I don't think B.D. Hyman would have wanted to lead a life different from the one she had with Bette Davis. Unlike Christina, B.D. was spoiled. She lived very well, traveled the world with her mother and met interesting, important people. Bette may have been a pain in the rear but was wasn't an outright abuser like Joan. B.D. turned out to be truly crazy, and is a homophobic religious fanatic. Christiana seems like an angel compared to her.
by Anonymous | reply 146 | June 2, 2020 8:51 PM |
Not today, Satan!
by Anonymous | reply 147 | June 2, 2020 9:18 PM |
I’m the balled up newspaper page containing the umpteenth bad review of Faye’s performance as Joan Crawford. I await my complete demise as cunty Faye fumbles around in her Kelly bag for her cigarette lighter.
by Anonymous | reply 148 | June 2, 2020 9:29 PM |
I’m the nun at Flintridge Sacred Heart Academy. I tell Christina that her mother requires strict discipline. They’ll be no phone calls in or out, no visitors and no mail.
by Anonymous | reply 150 | June 2, 2020 9:57 PM |
I’m Miss Crawford. I raised Christina to be a proper young lady. Chadwick School is a teen age brothel, not an institution for learning!
by Anonymous | reply 151 | June 2, 2020 10:03 PM |
I'm Howard Da Silva, who played Louis B. Mayer. On Broadway I was the original Jud Fry in "Oklahoma" and the original Ben Franklin in "1776."

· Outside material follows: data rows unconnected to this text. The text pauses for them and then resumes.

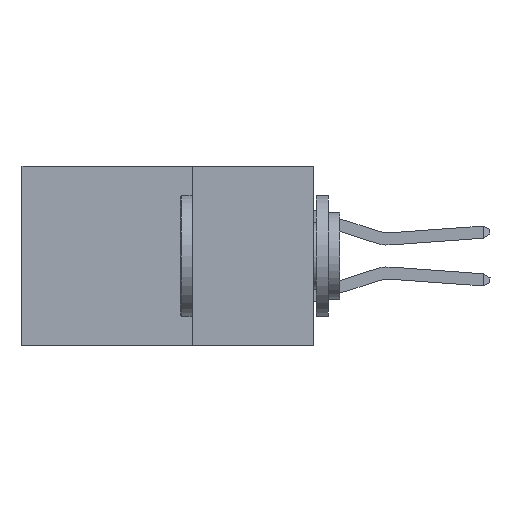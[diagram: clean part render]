
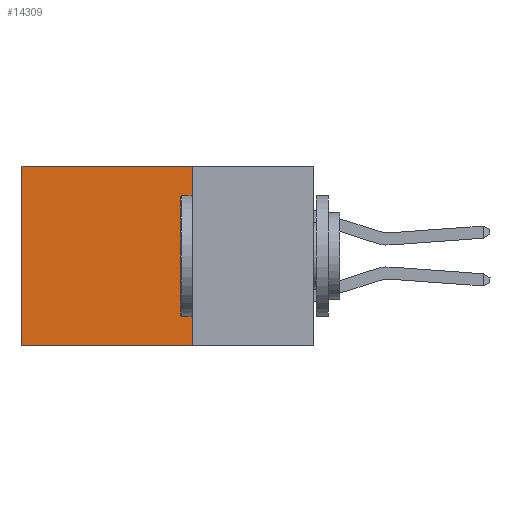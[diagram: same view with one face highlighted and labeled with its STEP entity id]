
A CAD part, left-side view. The second image highlights one B-rep face of the part: STEP entity #14309.
In plain terms, the highlighted planar face has unit normal (-1, 0, 0).
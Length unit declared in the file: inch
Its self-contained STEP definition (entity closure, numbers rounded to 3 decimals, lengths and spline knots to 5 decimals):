
#16 = VERTEX_POINT ( 'NONE', #14410 ) ;
#1623 = ORIENTED_EDGE ( 'NONE', *, *, #3625, .T. ) ;
#2613 = VECTOR ( 'NONE', #16424, 39.37008 ) ;
#3535 = ORIENTED_EDGE ( 'NONE', *, *, #12879, .F. ) ;
#3625 = EDGE_CURVE ( 'NONE', #16, #8905, #7226, .T. ) ;
#3814 = DIRECTION ( 'NONE',  ( 0., 0., -1. ) ) ;
#3891 = CARTESIAN_POINT ( 'NONE',  ( 0.2875, 0.6, 0. ) ) ;
#4767 = CARTESIAN_POINT ( 'NONE',  ( 0.2875, 0.25, -0.37 ) ) ;
#5624 = DIRECTION ( 'NONE',  ( 0., 0., -1. ) ) ;
#5682 = PLANE ( 'NONE',  #7573 ) ;
#6094 = VECTOR ( 'NONE', #16573, 39.37008 ) ;
#7226 = LINE ( 'NONE', #3891, #19599 ) ;
#7366 = CARTESIAN_POINT ( 'NONE',  ( 0.2875, 0.25, 0. ) ) ;
#7451 = VERTEX_POINT ( 'NONE', #19486 ) ;
#7573 = AXIS2_PLACEMENT_3D ( 'NONE', #7366, #19112, #9076 ) ;
#8905 = VERTEX_POINT ( 'NONE', #13539 ) ;
#9076 = DIRECTION ( 'NONE',  ( 0., 0., -1. ) ) ;
#9249 = FACE_OUTER_BOUND ( 'NONE', #16519, .T. ) ;
#10561 = LINE ( 'NONE', #4767, #6094 ) ;
#11606 = LINE ( 'NONE', #14731, #2613 ) ;
#11811 = VERTEX_POINT ( 'NONE', #20733 ) ;
#12879 = EDGE_CURVE ( 'NONE', #11811, #7451, #15095, .T. ) ;
#13112 = ORIENTED_EDGE ( 'NONE', *, *, #14072, .F. ) ;
#13539 = CARTESIAN_POINT ( 'NONE',  ( 0.2875, 0.6, -0.37 ) ) ;
#13928 = CARTESIAN_POINT ( 'NONE',  ( 0.2875, 0.25, 0. ) ) ;
#14013 = EDGE_CURVE ( 'NONE', #11811, #16, #11606, .T. ) ;
#14072 = EDGE_CURVE ( 'NONE', #7451, #8905, #10561, .T. ) ;
#14309 = ADVANCED_FACE ( 'NONE', ( #9249 ), #5682, .F. ) ;
#14410 = CARTESIAN_POINT ( 'NONE',  ( 0.2875, 0.6, 0. ) ) ;
#14731 = CARTESIAN_POINT ( 'NONE',  ( 0.2875, 0.25, 0. ) ) ;
#15095 = LINE ( 'NONE', #13928, #19565 ) ;
#16424 = DIRECTION ( 'NONE',  ( 0., 1., 0. ) ) ;
#16519 = EDGE_LOOP ( 'NONE', ( #1623, #13112, #3535, #16522 ) ) ;
#16522 = ORIENTED_EDGE ( 'NONE', *, *, #14013, .T. ) ;
#16573 = DIRECTION ( 'NONE',  ( 0., 1., 0. ) ) ;
#19112 = DIRECTION ( 'NONE',  ( 1., 0., 0. ) ) ;
#19486 = CARTESIAN_POINT ( 'NONE',  ( 0.2875, 0.25, -0.37 ) ) ;
#19565 = VECTOR ( 'NONE', #3814, 39.37008 ) ;
#19599 = VECTOR ( 'NONE', #5624, 39.37008 ) ;
#20733 = CARTESIAN_POINT ( 'NONE',  ( 0.2875, 0.25, 0. ) ) ;

by Anonymous | reply 152 | June 2, 2020 11:25 PM |
R145 Christina had a very successful corporate communications career and has her doctorate if I recall. She has done just fine for herself outside Mommy dearest
by Anonymous | reply 153 | June 7, 2020 11:29 PM |
I'm LB and my treatment of Joan has been divine.
by Anonymous | reply 154 | June 7, 2020 11:39 PM |
R153 Someone who is doing fine on her own wouldn’t participate in events that celebrate her abuse for comedic value and autograph wire hangers just for fun.
by Anonymous | reply 155 | June 8, 2020 12:17 AM |
I'm Olivia de Havilland, and I'm just happy this thread isn't about me.
by Anonymous | reply 156 | June 8, 2020 1:27 AM |
No, this is tired.
by Anonymous | reply 157 | June 8, 2020 1:39 AM |
"Someone who is doing fine on her own wouldn’t participate in events that celebrate her abuse for comedic value and autograph wire hangers just for fun."
I think she would if she were paid enough. I think Christina does things like that because it's lucrative. Who can blame her for that?